Action item ▸ Hand back all records exactly, pictures omitted.

Records supplied ▸
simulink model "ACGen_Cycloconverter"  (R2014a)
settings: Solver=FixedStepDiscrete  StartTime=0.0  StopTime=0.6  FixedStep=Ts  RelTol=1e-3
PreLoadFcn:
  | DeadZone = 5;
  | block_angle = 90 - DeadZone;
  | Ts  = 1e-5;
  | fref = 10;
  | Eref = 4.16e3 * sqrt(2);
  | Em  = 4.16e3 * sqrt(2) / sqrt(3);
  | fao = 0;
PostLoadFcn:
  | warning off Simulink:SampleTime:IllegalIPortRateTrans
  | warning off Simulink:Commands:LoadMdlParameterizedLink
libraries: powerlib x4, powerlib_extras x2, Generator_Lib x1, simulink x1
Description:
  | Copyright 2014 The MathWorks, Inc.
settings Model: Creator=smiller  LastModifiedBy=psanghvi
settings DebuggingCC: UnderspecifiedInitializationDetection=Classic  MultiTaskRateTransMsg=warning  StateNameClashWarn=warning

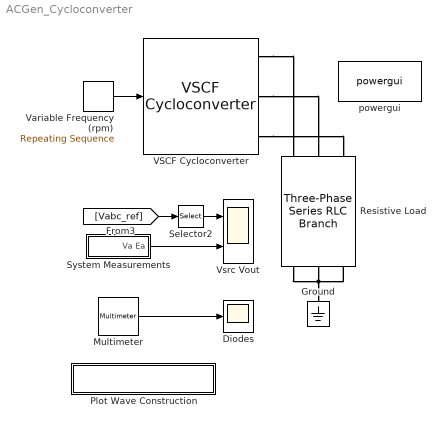
== system ACGen_Cycloconverter ==
  Diodes : Scope
      settings: TimeRange=0.005  YMin=0  YMax=20  SaveName=ScopeData5
  Ground : powerlib/Elements/Ground  LConnTagsString=a
  Multimeter : powerlib/Measurements/Multimeter  PhasorSimulation=off  OutputType=Complex  sel=[11 12]  L=16  Gain=[1 1]  yselected={'Isw1: VSCF Cycloconverter/AC Generator Cycloconverter/Phase A Cycloconverter/positive cycle','Isw2: VSCF Cycloconverter/AC Generator Cycloconverter/Phase A Cycloconverter/positive cycle'};  PSBOutputType=1  PSBequivalent=0  AxesSetting=[0,0.1,-100,100]  Display=0  SavedBlockNames=-11
  Plot Wave Construction : Subsystem
      settings: OpenFcn=Cyclo_Plot_Wave_Construction
      mask Display: disp('Plot Wave Construction');
  Resistive Load : powerlib/Elements/Three-Phase Series RLC Branch  LConnTagsString=A|B|C  RConnTagsString=A|B|C  BranchType=R  Resistance=10  Inductance=1e-3  Capacitance=1e-6  Measurements=None
  Selector2 : Selector  InputPortWidth=3
  System Measurements : Subsystem
  VSCF Cycloconverter : Generator_Lib/VSCF Cycloconverter  SystemSampleTime=-1
      link override AC Generator Cycloconverter/Phase A Cycloconverter/positive cycle: Measurements=All voltages and currents
      mask Display:
      | % This is a new mask on top of the base mask.
      | % Use "View base mask" link below to see the base mask.
      | image(imread('Gen_VSCF_Cycloconverter_IMAGE.JPG','jpg'))
      | port_label('RConn',1,'A');
      | port_label('RConn',2,'B');
      | port_label('RConn',3,'C');
      | port_label('Input',1,'Spd');
  Variable Frequency (rpm) : simulink/Sources/Repeating Sequence  rep_seq_t=[0 1 2 3 4 5 6]/5  rep_seq_y=[1 1 0.9 0.95 0.8 0.96 1]*12000
  Vsrc Vout : Scope  NumInputPorts=2
      settings: TimeRange=0.005  YMin=-200~-200  YMax=200~200  SaveName=vabc1
  powergui : powerlib/powergui  SimulationMode=Discrete  SolverType=Tustin  SampleTime=Ts  frequency=60  SPID=off  DisableSnubberDevices=off  DisableRonSwitches=off  DisableVfSwitches=off  SwTol=0  Interpol=off  DisplayEquations=off  Ts=0  methode=off  frequencyindice=0  Pbase=100e6  ErrMax=1e-4  Iterations=50  UnitsV=kV  UnitsW=MW  FunctionMessages=off  echomessages=off  HookPort=off  EnableUseOfTLC=off  x0status=blocks  RestoreLinks=warning  ResistiveCurrentMeasurement=off  Frange=[0:2:500]  Ylog=off  Xlog=on  ShowGrid=off  save=off  variable=ZData  structure=VaLoad  ZoomFFT=off  StartTime=0.3  cycles=1  DisplayStyle=2  fundamental=10  FreqAxis=on  MaxFrequency=500  frequencyindicesteady=1  RmsSteady=1  display=off
  wires:
  System Measurements/1(Va Ea) -> Vsrc Vout/2
  Selector2/1 -> Vsrc Vout/1
  [Vabc_ref] -> Selector2/1
  Variable Frequency (rpm)/1 -> VSCF Cycloconverter/1
  Multimeter/1 -> Diodes/1
  connections:
  Resistive Load/RConn1 -- Resistive Load/RConn2 -- Resistive Load/RConn3 -- Ground/LConn1
  VSCF Cycloconverter/RConn1 -- Resistive Load/LConn1
  VSCF Cycloconverter/RConn3 -- Resistive Load/LConn3
  VSCF Cycloconverter/RConn2 -- Resistive Load/LConn2

== system ACGen_Cycloconverter/Plot Wave Construction ==

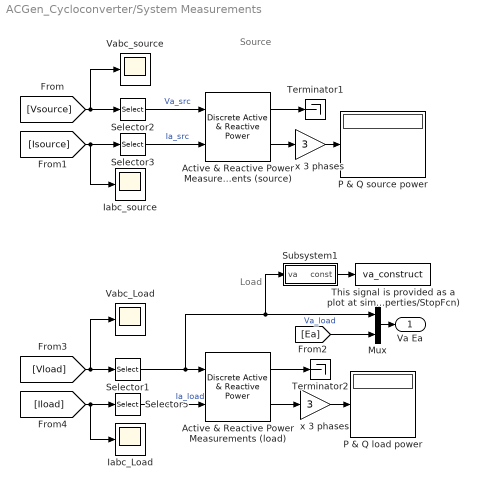
== system ACGen_Cycloconverter/System Measurements ==
  note: Source
  note: Load
  Active & Reactive Power Measurements (load) : powerlib_extras/Discrete Measurements/Discrete  Active  & Reactive  Power  Freq=400  Par_Vinit=[0 0]  Par_Iinit=[0 0]  Ts=Ts
  Active & Reactive Power Measurements (source) : powerlib_extras/Discrete Measurements/Discrete  Active  & Reactive  Power  Freq=400  Par_Vinit=[0 0]  Par_Iinit=[0 0]  Ts=Ts
  Iabc_Load : Scope
      settings: TimeRange=0.4  YMin=-1000  YMax=1000
  Iabc_source : Scope
      settings: TimeRange=0.04999710853127845  YMin=-3000  YMax=3000
  Mux : Mux  Inputs=2
  P & Q load power : Display
  P & Q source power : Display
      settings: Format=short_e
  Selector{1..3,5} (4 alike) : Selector  InputPortWidth=3
  Subsystem1 : Subsystem
  Terminator1 : Terminator
  Terminator2 : Terminator
  This signal is provided as a plot at simulation stop (See Model Properties/StopFcn) : ToWorkspace  VariableName=va_construct  SaveFormat=Structure With Time  SampleTime=-1
  Vabc_Load : Scope
      settings: TimeRange=0.4  YMin=-10000  YMax=10000  SaveName=VaLoad
  Vabc_source : Scope
      settings: TimeRange=0.050312278621926  YMin=-6000  YMax=6000  SaveName=ScopeData3
  x 3 phases : Gain  Gain=3
  "x 3 phases  " : Gain  Gain=3
  Va Ea : Outport
  wires:
  Selector2/1 -> Active & Reactive Power Measurements (source)/1  "Va_src"
  Selector3/1 -> Active & Reactive Power Measurements (source)/2  "Ia_src"
  x 3 phases/1 -> P & Q source power/1
  Mux/1 -> Va Ea/1
  [Ea] -> Mux/2
  Active & Reactive Power Measurements (source)/2 -> x 3 phases/1
  Active & Reactive Power Measurements (source)/1 -> Terminator1/1
  Subsystem1/1(const) -> This signal is provided as a plot at simulation stop (See Model Properties/StopFcn)/1
  [Vsource] -> Selector2/1, Vabc_source/1
  [Isource] -> Selector3/1, Iabc_source/1
  Selector1/1 -> Active & Reactive Power Measurements (load)/1, Subsystem1/1(va), Mux/1  "Va_load"
  Selector5/1 -> Active & Reactive Power Measurements (load)/2  "Ia_load"
  Active & Reactive Power Measurements (load)/2 -> "x 3 phases  "/1
  Active & Reactive Power Measurements (load)/1 -> Terminator2/1
  [Vload] -> Selector1/1, Vabc_Load/1
  [Iload] -> Iabc_Load/1, Selector5/1
  "x 3 phases  "/1 -> P & Q load power/1

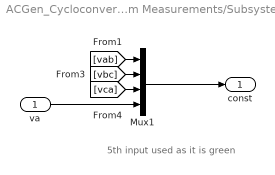
== system ACGen_Cycloconverter/System Measurements/Subsystem1 ==
  note: 5th input used as it is green
  va : Inport
  Mux1 : Mux
  const : Outport
  wires:
  [vab] -> Mux1/1
  [vbc] -> Mux1/2
  [vca] -> Mux1/3
  va/1 -> Mux1/4
  Mux1/1 -> const/1

Response to the exercise ▸
simulink model "ACGen_Cycloconverter"  (R2014a)
settings: Solver=FixedStepDiscrete  StartTime=0.0  StopTime=0.6  FixedStep=Ts  RelTol=1e-3
PreLoadFcn:
  | DeadZone = 5;
  | block_angle = 90 - DeadZone;
  | Ts  = 1e-5;
  | fref = 10;
  | Eref = 4.16e3 * sqrt(2);
  | Em  = 4.16e3 * sqrt(2) / sqrt(3);
  | fao = 0;
PostLoadFcn:
  | warning off Simulink:SampleTime:IllegalIPortRateTrans
  | warning off Simulink:Commands:LoadMdlParameterizedLink
libraries: powerlib x4, powerlib_extras x2, Generator_Lib x1, simulink x1
Description:
  | Copyright 2014 The MathWorks, Inc.
settings Model: Creator=smiller  LastModifiedBy=psanghvi
settings DebuggingCC: UnderspecifiedInitializationDetection=Classic  MultiTaskRateTransMsg=warning  StateNameClashWarn=warning

== system ACGen_Cycloconverter ==
  Diodes : Scope
      settings: TimeRange=0.005  YMin=0  YMax=20  SaveName=ScopeData5
  Ground : powerlib/Elements/Ground  LConnTagsString=a
  Multimeter : powerlib/Measurements/Multimeter  PhasorSimulation=off  OutputType=Complex  sel=[11 12]  L=16  Gain=[1 1]  yselected={'Isw1: VSCF Cycloconverter/AC Generator Cycloconverter/Phase A Cycloconverter/positive cycle','Isw2: VSCF Cycloconverter/AC Generator Cycloconverter/Phase A Cycloconverter/positive cycle'};  PSBOutputType=1  PSBequivalent=0  AxesSetting=[0,0.1,-100,100]  Display=0  SavedBlockNames=-11
  Plot Wave Construction : Subsystem
      settings: OpenFcn=Cyclo_Plot_Wave_Construction
      mask Display: disp('Plot Wave Construction');
  Resistive Load : powerlib/Elements/Three-Phase Series RLC Branch  LConnTagsString=A|B|C  RConnTagsString=A|B|C  BranchType=R  Resistance=10  Inductance=1e-3  Capacitance=1e-6  Measurements=None
  Selector2 : Selector  InputPortWidth=3
  System Measurements : Subsystem
  VSCF Cycloconverter : Generator_Lib/VSCF Cycloconverter  SystemSampleTime=-1
      link override AC Generator Cycloconverter/Phase A Cycloconverter/positive cycle: Measurements=All voltages and currents
      mask Display:
      | % This is a new mask on top of the base mask.
      | % Use "View base mask" link below to see the base mask.
      | image(imread('Gen_VSCF_Cycloconverter_IMAGE.JPG','jpg'))
      | port_label('RConn',1,'A');
      | port_label('RConn',2,'B');
      | port_label('RConn',3,'C');
      | port_label('Input',1,'Spd');
  Variable Frequency (rpm) : simulink/Sources/Repeating Sequence  rep_seq_t=[0 1 2 3 4 5 6]/5  rep_seq_y=[1 1 0.9 0.95 0.8 0.96 1]*12000
  Vsrc Vout : Scope  NumInputPorts=2
      settings: TimeRange=0.005  YMin=-200~-200  YMax=200~200  SaveName=vabc1
  powergui : powerlib/powergui  SimulationMode=Discrete  SolverType=Tustin  SampleTime=Ts  frequency=60  SPID=off  DisableSnubberDevices=off  DisableRonSwitches=off  DisableVfSwitches=off  SwTol=0  Interpol=off  DisplayEquations=off  Ts=0  methode=off  frequencyindice=0  Pbase=100e6  ErrMax=1e-4  Iterations=50  UnitsV=kV  UnitsW=MW  FunctionMessages=off  echomessages=off  HookPort=off  EnableUseOfTLC=off  x0status=blocks  RestoreLinks=warning  ResistiveCurrentMeasurement=off  Frange=[0:2:500]  Ylog=off  Xlog=on  ShowGrid=off  save=off  variable=ZData  structure=VaLoad  ZoomFFT=off  StartTime=0.3  cycles=1  DisplayStyle=2  fundamental=10  FreqAxis=on  MaxFrequency=500  frequencyindicesteady=1  RmsSteady=1  display=off
  wires:
  System Measurements/1(Va Ea) -> Vsrc Vout/2
  Selector2/1 -> Vsrc Vout/1
  [Vabc_ref] -> Selector2/1
  Variable Frequency (rpm)/1 -> VSCF Cycloconverter/1
  Multimeter/1 -> Diodes/1
  connections:
  Resistive Load/RConn1 -- Resistive Load/RConn2 -- Resistive Load/RConn3 -- Ground/LConn1
  VSCF Cycloconverter/RConn1 -- Resistive Load/LConn1
  VSCF Cycloconverter/RConn3 -- Resistive Load/LConn3
  VSCF Cycloconverter/RConn2 -- Resistive Load/LConn2

== system ACGen_Cycloconverter/Plot Wave Construction ==

== system ACGen_Cycloconverter/System Measurements ==
  note: Source
  note: Load
  Active & Reactive Power Measurements (load) : powerlib_extras/Discrete Measurements/Discrete  Active  & Reactive  Power  Freq=400  Par_Vinit=[0 0]  Par_Iinit=[0 0]  Ts=Ts
  Active & Reactive Power Measurements (source) : powerlib_extras/Discrete Measurements/Discrete  Active  & Reactive  Power  Freq=400  Par_Vinit=[0 0]  Par_Iinit=[0 0]  Ts=Ts
  Iabc_Load : Scope
      settings: TimeRange=0.4  YMin=-1000  YMax=1000
  Iabc_source : Scope
      settings: TimeRange=0.04999710853127845  YMin=-3000  YMax=3000
  Mux : Mux  Inputs=2
  P & Q load power : Display
  P & Q source power : Display
      settings: Format=short_e
  Selector{1..3,5} (4 alike) : Selector  InputPortWidth=3
  Subsystem1 : Subsystem
  Terminator1 : Terminator
  Terminator2 : Terminator
  This signal is provided as a plot at simulation stop (See Model Properties/StopFcn) : ToWorkspace  VariableName=va_construct  SaveFormat=Structure With Time  SampleTime=-1
  Vabc_Load : Scope
      settings: TimeRange=0.4  YMin=-10000  YMax=10000  SaveName=VaLoad
  Vabc_source : Scope
      settings: TimeRange=0.050312278621926  YMin=-6000  YMax=6000  SaveName=ScopeData3
  x 3 phases : Gain  Gain=3
  "x 3 phases  " : Gain  Gain=3
  Va Ea : Outport
  wires:
  Selector2/1 -> Active & Reactive Power Measurements (source)/1  "Va_src"
  Selector3/1 -> Active & Reactive Power Measurements (source)/2  "Ia_src"
  x 3 phases/1 -> P & Q source power/1
  Mux/1 -> Va Ea/1
  [Ea] -> Mux/2
  Active & Reactive Power Measurements (source)/2 -> x 3 phases/1
  Active & Reactive Power Measurements (source)/1 -> Terminator1/1
  Subsystem1/1(const) -> This signal is provided as a plot at simulation stop (See Model Properties/StopFcn)/1
  [Vsource] -> Selector2/1, Vabc_source/1
  [Isource] -> Selector3/1, Iabc_source/1
  Selector1/1 -> Active & Reactive Power Measurements (load)/1, Subsystem1/1(va), Mux/1  "Va_load"
  Selector5/1 -> Active & Reactive Power Measurements (load)/2  "Ia_load"
  Active & Reactive Power Measurements (load)/2 -> "x 3 phases  "/1
  Active & Reactive Power Measurements (load)/1 -> Terminator2/1
  [Vload] -> Selector1/1, Vabc_Load/1
  [Iload] -> Iabc_Load/1, Selector5/1
  "x 3 phases  "/1 -> P & Q load power/1

== system ACGen_Cycloconverter/System Measurements/Subsystem1 ==
  note: 5th input used as it is green
  va : Inport
  Mux1 : Mux
  const : Outport
  wires:
  [vab] -> Mux1/1
  [vbc] -> Mux1/2
  [vca] -> Mux1/3
  va/1 -> Mux1/4
  Mux1/1 -> const/1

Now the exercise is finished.